Stored items from a collection:
****************************************
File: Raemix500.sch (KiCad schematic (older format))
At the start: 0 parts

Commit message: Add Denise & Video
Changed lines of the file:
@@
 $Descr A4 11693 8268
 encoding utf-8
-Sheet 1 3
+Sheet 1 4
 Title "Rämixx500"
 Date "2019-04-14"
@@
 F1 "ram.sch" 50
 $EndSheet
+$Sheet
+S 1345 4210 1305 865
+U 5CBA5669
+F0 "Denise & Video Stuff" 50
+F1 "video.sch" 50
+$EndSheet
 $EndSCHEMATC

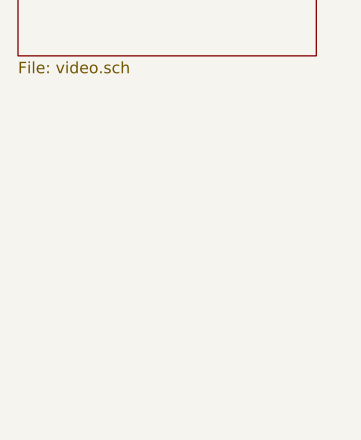
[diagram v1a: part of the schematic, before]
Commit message: Add Paula and Joystick Ports, audio filters still missing
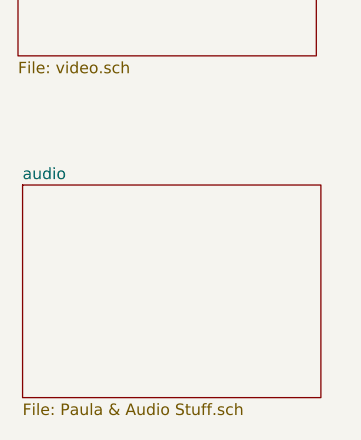
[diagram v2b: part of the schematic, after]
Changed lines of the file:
@@
 $Descr A4 11693 8268
 encoding utf-8
-Sheet 1 4
+Sheet 1 5
 Title "Rämixx500"
-Date "2019-04-14"
+Date "2019-04-15"
 Rev "1git"
 Comp "SukkoPera"
@@
 F1 "video.sch" 50
 $EndSheet
+$Sheet
+S 1365 5640 1305 930
+U 5D2DC3A1
+F0 "audio" 50
+F1 "Paula & Audio Stuff.sch" 50
+$EndSheet
 $EndSCHEMATC

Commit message: Rename audio schematics
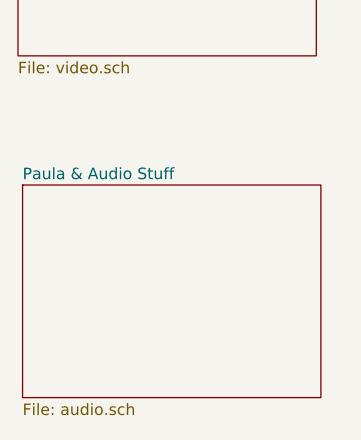
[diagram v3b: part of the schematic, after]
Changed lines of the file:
@@
 S 1365 5640 1305 930
 U 5D2DC3A1
-F0 "audio" 50
-F1 "Paula & Audio Stuff.sch" 50
+F0 "Paula & Audio Stuff" 50
+F1 "audio.sch" 50
 $EndSheet
 $EndSCHEMATC
****************************************
(Problem statement) Write out the data above exactly as it appears, but without any image.

(Response to the task)
File: Raemix500.sch (KiCad schematic (older format))
At the start: 0 parts

Commit message: Add Denise & Video
Changed lines of the file:
@@
 $Descr A4 11693 8268
 encoding utf-8
-Sheet 1 3
+Sheet 1 4
 Title "Rämixx500"
 Date "2019-04-14"
@@
 F1 "ram.sch" 50
 $EndSheet
+$Sheet
+S 1345 4210 1305 865
+U 5CBA5669
+F0 "Denise & Video Stuff" 50
+F1 "video.sch" 50
+$EndSheet
 $EndSCHEMATC

[diagram v1a: part of the schematic, before]
Commit message: Add Paula and Joystick Ports, audio filters still missing
[diagram v2b: part of the schematic, after]
Changed lines of the file:
@@
 $Descr A4 11693 8268
 encoding utf-8
-Sheet 1 4
+Sheet 1 5
 Title "Rämixx500"
-Date "2019-04-14"
+Date "2019-04-15"
 Rev "1git"
 Comp "SukkoPera"
@@
 F1 "video.sch" 50
 $EndSheet
+$Sheet
+S 1365 5640 1305 930
+U 5D2DC3A1
+F0 "audio" 50
+F1 "Paula & Audio Stuff.sch" 50
+$EndSheet
 $EndSCHEMATC

Commit message: Rename audio schematics
[diagram v3b: part of the schematic, after]
Changed lines of the file:
@@
 S 1365 5640 1305 930
 U 5D2DC3A1
-F0 "audio" 50
-F1 "Paula & Audio Stuff.sch" 50
+F0 "Paula & Audio Stuff" 50
+F1 "audio.sch" 50
 $EndSheet
 $EndSCHEMATC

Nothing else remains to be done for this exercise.